# binos/ spotting scope



## flynhunt (May 21, 2008)

Since I decided I cant fork out $2500 for new Swaros. I've decided I'm probably going to get some Vortex Vipers. Trying to decide between the 15x50 vs. the 10x50. The specs are identical as far as dimensions and weight. The only downside I can see with the higher power is decreased field of view. Also looking at a 65 vs. 80mm spotting scope. Seems like it would be easier to pack the 65, but will I wish I had spent the little extra on the bigger scope to be able to see that much further? Also wondered if anybody had any experience with the Vortex Kaibabs? They are almost twice as heavy as the others, but might eliminate the need for a spotting scope. Any thoughts?


----------



## johnny (May 24, 2010)

I have the Vipers in 8x42 and 15x50 and love them both. I bought the 15x50 to use instead of a spotting scope. They are much easier to look through to me, and although shaky I am able to hold them more stable than I thought. They are brighter than I thought and very clear. If you put them on a rest or tripod they really shine. I like them much better than a spotting scope.Cameralandny.com has the 15x50 Vipers on sale right now for $399 due to the new Vortex vipers being "HD" whatever that means. They also have fast and free shipping and are very easy to deal with. Buy them you won't be disappointed.


----------



## gwailow (Jan 20, 2008)

I have the Swaro Angled 65mm and I've never regretted purchasing it over the 80mm. I do like that my 65 is a little lighter and smaller though when it heads into my backpack.


----------



## ARCHER11 (May 26, 2011)

flynhunt said:


> Also looking at a 65 vs. 80mm spotting scope. Seems like it would be easier to pack the 65, but will I wish I had spent the little extra on the bigger scope to be able to see that much further?

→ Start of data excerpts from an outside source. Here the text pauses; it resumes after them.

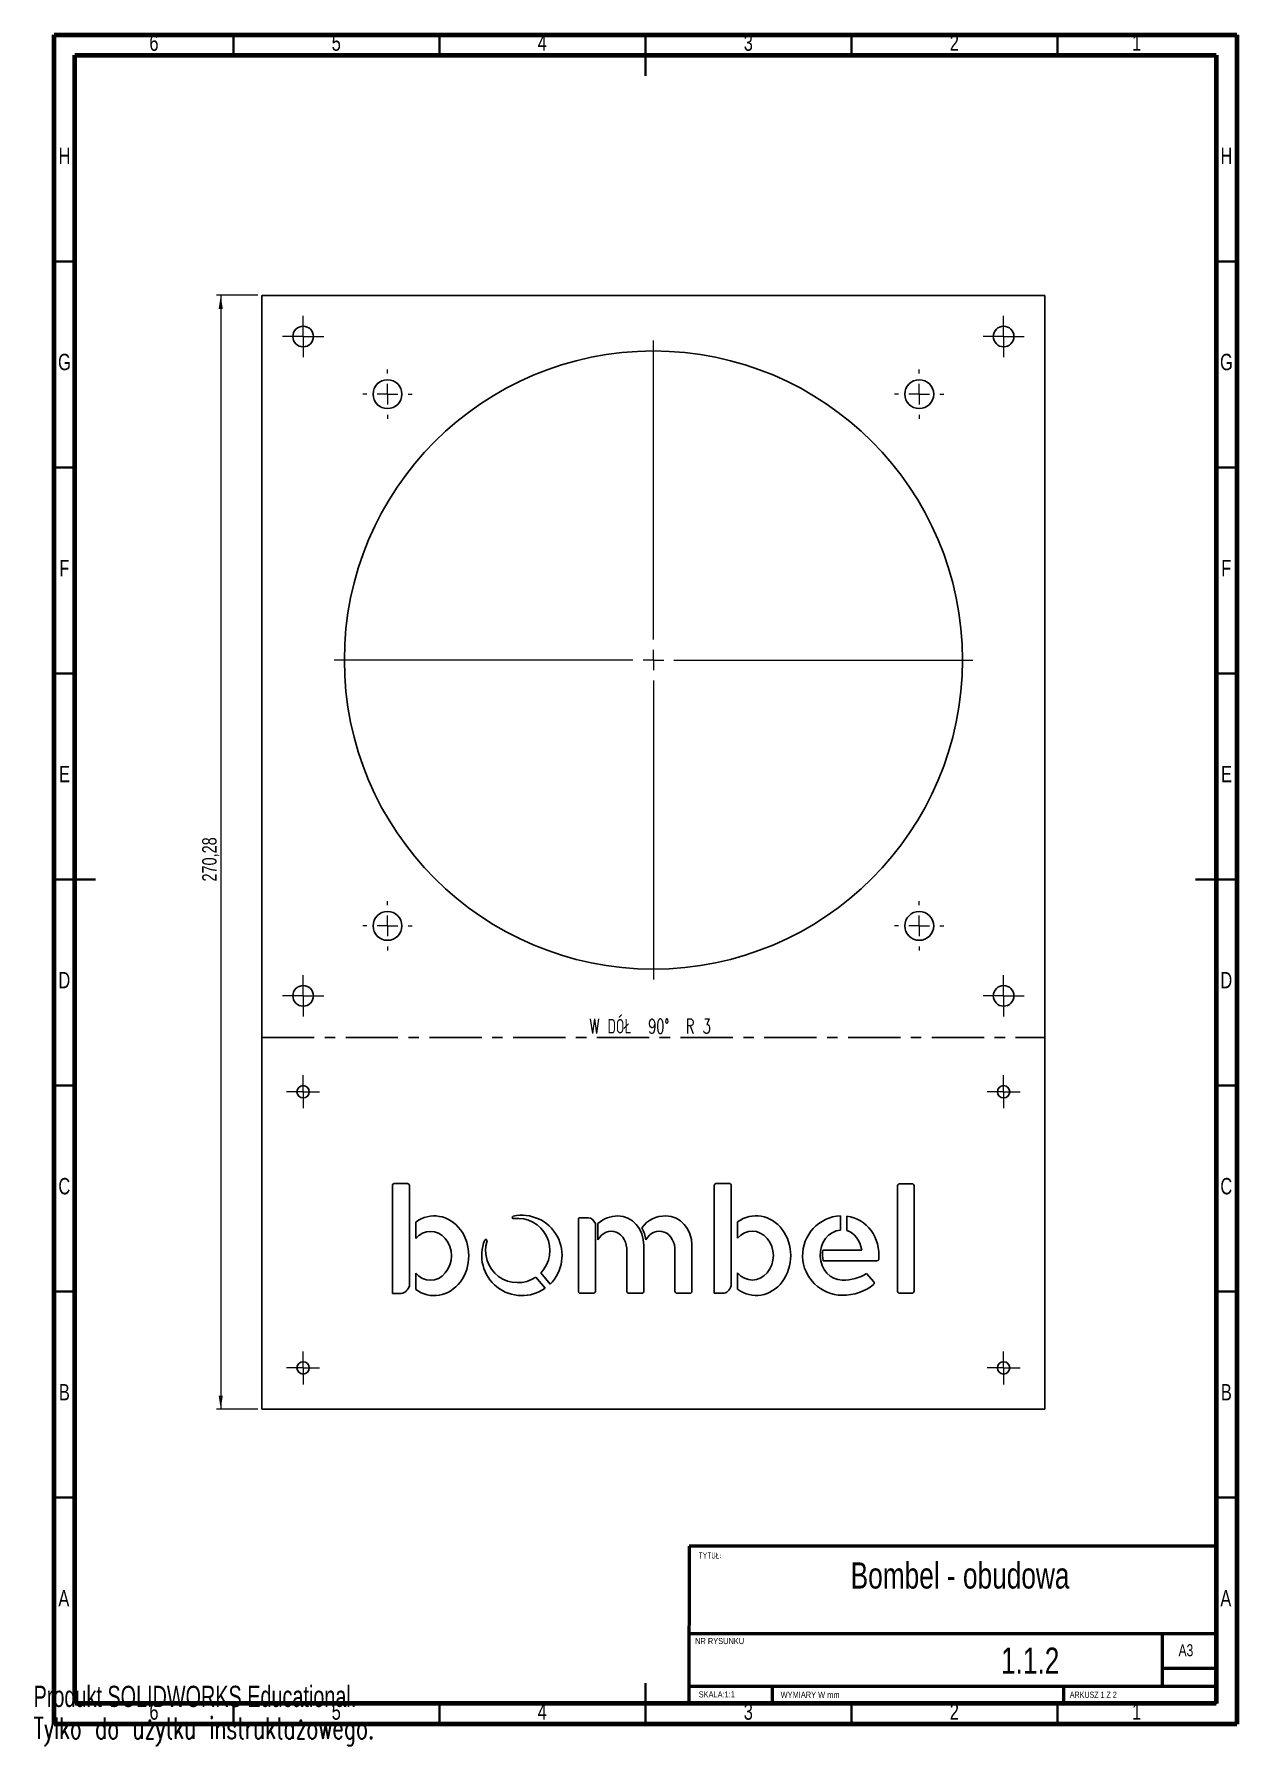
# Model space of a CAD drawing. Header units: millimetres. Extents: x 0 to 292, y 0 to 415.
import ezdxf

# ---------------------------------------------------------------- set-up
doc = ezdxf.new("R2010")
doc.units = ezdxf.units.MM
doc.header["$PDSIZE"] = -1
doc.linetypes.add('CENTERX2', pattern=[20.32, 12.7, -2.54, 2.54, -2.54])
doc.styles.add('SLDTEXTSTYLE0', font='TXT', dxfattribs={"width": 0.75, "bigfont": 'bigfont'})
doc.styles.add('SLDTEXTSTYLE1', font='TXT', dxfattribs={"width": 0.75})
doc.styles.add('SLDTEXTSTYLE2', font='TXT', dxfattribs={"width": 0.6875})
doc.styles.add('SLDTEXTSTYLE3', font='TXT', dxfattribs={"width": 0.65, "bigfont": 'bigfont'})
doc.styles.add('SLDTEXTSTYLE4', font='TXT', dxfattribs={"width": 0.7})
doc.styles.add('SLDTEXTSTYLE5', font='TXT', dxfattribs={"width": 0.7, "bigfont": 'bigfont'})
doc.dimstyles.new('SLDDIMSTYLE0', dxfattribs={"dimtxt": 3.5, "dimasz": 3.302, "dimexe": 0, "dimexo": 0.0625, "dimgap": 0.875, "dimtad": 1, "dimrnd": 1e-09, "dimzin": 12, "dimdsep": 46, "dimtxsty": 'SLDTEXTSTYLE1', "dimsah": 1, "dimcen": 0.09, "dimadec": 0, "dimazin": 3, "dimtfac": 1, "dimtofl": 0, "dimtmove": 0, "dimatfit": 3, "dimfxl": 0, "dimfrac": 2, "dimtolj": 1, "dimtzin": 12, "dimarcsym": 0})

# ---------------------------------------------------------------- blocks, each defined once
blk = doc.blocks.new('_D')
at = {"color": 7, "linetype": 'Continuous', "lineweight": 18}
for p, q in [((54.42, 351.76), (44.42, 351.76)), ((45.42, 351.76), (45.42, 81.47)), ((54.42, 81.47), (44.42, 81.47))]:
    blk.add_line(p, q, dxfattribs=at)
for points in [[(45.42, 351.76), (44.91, 348.45), (45.93, 348.45)], [(45.42, 81.47), (45.93, 84.77), (44.91, 84.77)]]:
    blk.add_solid(points, dxfattribs=at)
at = {"color": 7, "linetype": 'Continuous', "lineweight": 18, "insert": (40.91, 209.5), "char_height": 3.5, "attachment_point": 1, "rotation": 90, "style": 'SLDTEXTSTYLE1'}
blk.add_mtext('270,28', dxfattribs=at)
blk = doc.blocks.new('SW_CENTERMARKSYMBOL_0')
at = {"color": 0, "linetype": 'Continuous', "lineweight": 0}
for p, q in [((-2.5, 0), (-4, 0)), ((0, 0), (-2.5, 0)), ((0, 2.5), (0, 4)), ((0, 0), (0, 2.5)), ((0, 0), (2.5, 0)), ((0, 0), (0, -2.5)), ((2.5, 0), (4, 0)), ((0, -2.5), (0, -4))]:
    blk.add_line(p, q, dxfattribs=at)
blk = doc.blocks.new('SW_CENTERMARKSYMBOL_1')
at = {"color": 0, "linetype": 'Continuous', "lineweight": 0}
for p, q in [((-2.5, 0), (-4, 0)), ((0, 0), (-2.5, 0)), ((0, 2.5), (0, 4)), ((0, 0), (0, 2.5)), ((0, 0), (2.5, 0)), ((0, 0), (0, -2.5)), ((2.5, 0), (4, 0)), ((0, -2.5), (0, -4))]:
    blk.add_line(p, q, dxfattribs=at)
blk = doc.blocks.new('SW_CENTERMARKSYMBOL_2')
at = {"color": 0, "linetype": 'Continuous', "lineweight": 0}
for p, q in [((-2.5, 0), (-4, 0)), ((0, 0), (-2.5, 0)), ((0, 2.5), (0, 4)), ((0, 0), (0, 2.5)), ((0, 0), (2.5, 0)), ((0, 0), (0, -2.5)), ((0, -2.5), (0, -4)), ((2.5, 0), (4, 0))]:
    blk.add_line(p, q, dxfattribs=at)
blk = doc.blocks.new('SW_CENTERMARKSYMBOL_3')
at = {"color": 0, "linetype": 'Continuous', "lineweight": 0}
for p, q in [((-2.5, 0), (-4, 0)), ((0, 0), (-2.5, 0)), ((0, 2.5), (0, 4)), ((0, 0), (0, 2.5)), ((0, 0), (2.5, 0)), ((0, 0), (0, -2.5)), ((2.5, 0), (4, 0)), ((0, -2.5), (0, -4))]:
    blk.add_line(p, q, dxfattribs=at)
blk = doc.blocks.new('SW_CENTERMARKSYMBOL_4')
at = {"color": 0, "linetype": 'Continuous', "lineweight": 0}
for p, q in [((0, 5), (0, 6)), ((-5, 0), (-6, 0)), ((0, 0), (-2.5, 0)), ((0, 0), (0, 2.5)), ((0, 0), (2.5, 0)), ((0, 0), (0, -2.5)), ((5, 0), (6, 0)), ((0, -5), (0, -6))]:
    blk.add_line(p, q, dxfattribs=at)
blk = doc.blocks.new('SW_CENTERMARKSYMBOL_5')
at = {"color": 0, "linetype": 'Continuous', "lineweight": 0}
for p, q in [((0, 5), (0, 6)), ((-5, 0), (-6, 0)), ((0, 0), (-2.5, 0)), ((0, 0), (0, 2.5)), ((0, 0), (2.5, 0)), ((0, 0), (0, -2.5)), ((5, 0), (6, 0)), ((0, -5), (0, -6))]:
    blk.add_line(p, q, dxfattribs=at)
blk = doc.blocks.new('SW_CENTERMARKSYMBOL_6')
at = {"color": 0, "linetype": 'Continuous', "lineweight": 0}
for p, q in [((0, 5), (0, 6)), ((-5, 0), (-6, 0)), ((0, 0), (-2.5, 0)), ((0, 0), (0, 2.5)), ((0, 0), (2.5, 0)), ((0, 0), (0, -2.5)), ((5, 0), (6, 0)), ((0, -5), (0, -6))]:
    blk.add_line(p, q, dxfattribs=at)
blk = doc.blocks.new('SW_CENTERMARKSYMBOL_7')
at = {"color": 0, "linetype": 'Continuous', "lineweight": 0}
for p, q in [((0, 5), (0, 6)), ((-5, 0), (-6, 0)), ((0, 0), (-2.5, 0)), ((0, 0), (0, 2.5)), ((0, 0), (2.5, 0)), ((0, 0), (0, -2.5)), ((5, 0), (6, 0)), ((0, -5), (0, -6))]:
    blk.add_line(p, q, dxfattribs=at)
blk = doc.blocks.new('SW_CENTERMARKSYMBOL_8')
at = {"color": 0, "linetype": 'Continuous', "lineweight": 0}
for p, q in [((0, 5), (0, 77.5)), ((-5, 0), (-77.5, 0)), ((0, 0), (-2.5, 0)), ((0, 0), (0, 2.5)), ((0, 0), (2.5, 0)), ((0, 0), (0, -2.5)), ((5, 0), (77.5, 0)), ((0, -5), (0, -77.5))]:
    blk.add_line(p, q, dxfattribs=at)
blk = doc.blocks.new('SW_CENTERMARKSYMBOL_9')
at = {"color": 0, "linetype": 'Continuous', "lineweight": 0}
for p, q in [((0, 2.5), (0, 5)), ((-2.5, 0), (-5, 0)), ((0, 0), (-2.5, 0)), ((0, 0), (0, 2.5)), ((0, 0), (2.5, 0)), ((0, 0), (0, -2.5)), ((2.5, 0), (5, 0)), ((0, -2.5), (0, -5))]:
    blk.add_line(p, q, dxfattribs=at)
blk = doc.blocks.new('SW_CENTERMARKSYMBOL_10')
at = {"color": 0, "linetype": 'Continuous', "lineweight": 0}
for p, q in [((0, 2.5), (0, 5)), ((-2.5, 0), (-5, 0)), ((0, 0), (-2.5, 0)), ((0, 0), (0, 2.5)), ((0, 0), (2.5, 0)), ((0, 0), (0, -2.5)), ((2.5, 0), (5, 0)), ((0, -2.5), (0, -5))]:
    blk.add_line(p, q, dxfattribs=at)
blk = doc.blocks.new('SW_CENTERMARKSYMBOL_11')
at = {"color": 0, "linetype": 'Continuous', "lineweight": 0}
for p, q in [((0, 2.5), (0, 5)), ((-2.5, 0), (-5, 0)), ((0, 0), (-2.5, 0)), ((0, 0), (0, 2.5)), ((0, 0), (2.5, 0)), ((0, 0), (0, -2.5)), ((0, -2.5), (0, -5)), ((2.5, 0), (5, 0))]:
    blk.add_line(p, q, dxfattribs=at)
blk = doc.blocks.new('SW_CENTERMARKSYMBOL_12')
at = {"color": 0, "linetype": 'Continuous', "lineweight": 0}
for p, q in [((0, 2.5), (0, 5)), ((-2.5, 0), (-5, 0)), ((0, 0), (-2.5, 0)), ((0, 0), (0, 2.5)), ((0, 0), (2.5, 0)), ((0, 0), (0, -2.5)), ((2.5, 0), (5, 0)), ((0, -2.5), (0, -5))]:
    blk.add_line(p, q, dxfattribs=at)

msp = doc.modelspace()

# ---------------------------------------------------------------- linework, layer by layer
at = {"color": 7, "linetype": 'Continuous', "lineweight": 70}
for p, q in [((5, 5), (5, 415)), ((5, 415), (292, 415)), ((292, 415), (292, 5)), ((10, 10), (10, 410)), ((10, 410), (287, 410)), ((287, 410), (287, 10)), ((287, 10), (10, 10)), ((292, 5), (5, 5))]:
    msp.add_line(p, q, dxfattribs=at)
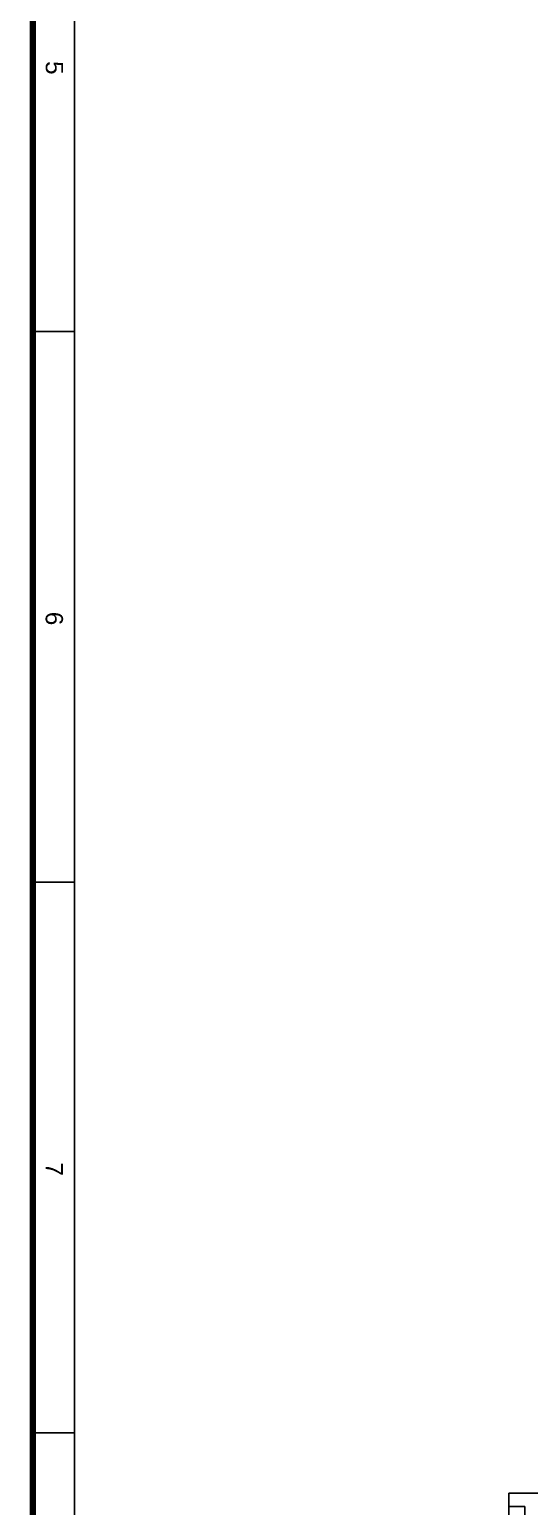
# Model space of a CAD drawing. Extents: x 10161149 to 10263331, y -3696053 to -3547728.
# Drawn here: x 10161149 to 10172355, y -3635863 to -3602733 of the extents above; entities that cross this region are included whole.
import ezdxf
from ezdxf.enums import TextEntityAlignment as Align

# ---------------------------------------------------------------- set-up
doc = ezdxf.new("R2010")
doc.units = 0
doc.header["$MEASUREMENT"] = 0
doc.linetypes.add('DASHED', pattern=[0.75, 0.5, -0.25])
doc.layers.add('DAS', color=1, linetype='DASHED')
doc.layers.add('TITLE', color=7, linetype='CONTINUOUS')
doc.styles.add('ROMANS', font='arial.ttf')

# ---------------------------------------------------------------- blocks, each defined once
blk = doc.blocks.new('A$C66962185')
at = {"layer": 'TITLE'}
blk.add_line((360.704, -141176.034), (2.142, -141176.034), dxfattribs=at)
at = {"layer": 'TITLE', "color": 0}
for p, q in [((151.161, -141178.329), (151.161, -141176.034)), ((181.423, -141178.329), (181.423, -141176.034)), ((211.686, -141178.329), (211.686, -141176.034))]:
    blk.add_line(p, q, dxfattribs=at)
at = {"layer": 'TITLE', "color": 7, "const_width": 0.355}
blk.add_lwpolyline([(363, -140928.365), (363, -141178.329), (0, -141178.329), (0, -140928.365)], close=True, dxfattribs=at)
at = {"layer": 'TITLE', "color": 0, "style": 'ROMANS'}
for s, p in [('5', (136.675, -141177.147)), ('6', (166.937, -141177.147)), ('7', (197.2, -141177.147))]:
    blk.add_text(s, height=0.952, dxfattribs=at).set_placement(p, align=Align.MIDDLE)

msp = doc.modelspace()

# ---------------------------------------------------------------- linework, layer by layer
at = {"layer": 'DAS', "linetype": 'Continuous'}
for p, q in [((10171891, -3635563), (10171891, -3637963)), ((10172591, -3635563), (10171891, -3635563)), ((10172253.9, -3635863), (10171891, -3635863)), ((10172256, -3638313), (10172253.9, -3635863))]:
    msp.add_line(p, q, dxfattribs=at)

# ---------------------------------------------------------------- block references
at = {"layer": 'TITLE', "xscale": 408.2071461423766, "yscale": 408.2071430981014, "zscale": 408.2071443180172, "rotation": 270}
msp.add_blockref('A$C66962185', (67791223.9, -3547800.9), dxfattribs=at)

doc.saveas('drawing.dxf')

From what I understand the difference between the 65 and 80mm objective lens is that the 80mm will give you a clearer image in low light conditions and a larger field of view but it wont necessarily allow you to see farther.

Someone correct me if i'm wrong...


----------



## flynhunt (May 21, 2008)

Thats true. I should have read my first post a little closer. I think I narrowed it down between the new viper hd scope and a razor. I just cant decide if its worth the extra money.


ARCHER11 said:


> flynhunt said:
> 
> 
> > Also looking at a 65 vs. 80mm spotting scope. Seems like it would be easier to pack the 65, but will I wish I had spent the little extra on the bigger scope to be able to see that much further?
> ...


----------



## Huge29 (Sep 17, 2007)

In a spotting scope, my purpose using them is to have much greater detail than the binos can provide, so with the spotter go as strong powered and wide view as possible. If you just want the wider view stick with the binos. That is my thought. This weekend we spotted a deer out there about 900 yards away. The 12x50 Euros binos could definitely tell that it was a buck and seemed really big. If I were hunting I would want to know just how big exactly before taking the trek. With my very fancy 32x Bushnell $100 crappy spotter it took about 20 minutes to conclude that it must be a 3pt at best. In a hunting situation, it would have been much better to know quickly what we had before someone else beat me to it or some other knucklehead just decided to take a 600 yard shot. :roll: 
I only own one item from Vortex and I love it so far as has everyone who has looked through my rifle scope. A few relatives were checking out my newest purchase with a Vortex, while they had never heard of Vortex they were all instant believers, not to mention the ridiculously crazy warranty. 
So, take my advice for what it is worth (exactly what you paid for it).


----------



## flynhunt (May 21, 2008)

I finally broke down and bought the Viper 10x50 HD. So far they are awesome! I couldn't believe the difference in the detail and brightness compared to the Nikons I had been using. I also want to put in a plug for VIP Optics. I was very impressed by their customer service. When I had any questions they could not answer they would contact their Vortex rep and promptly call me back, and I was also able to get a better price than the local stores.


----------



## a_bow_nut (Feb 25, 2009)

I have been in love with my shyline spotter from the day it showed up. Great optics for a good price if you ask me.


----------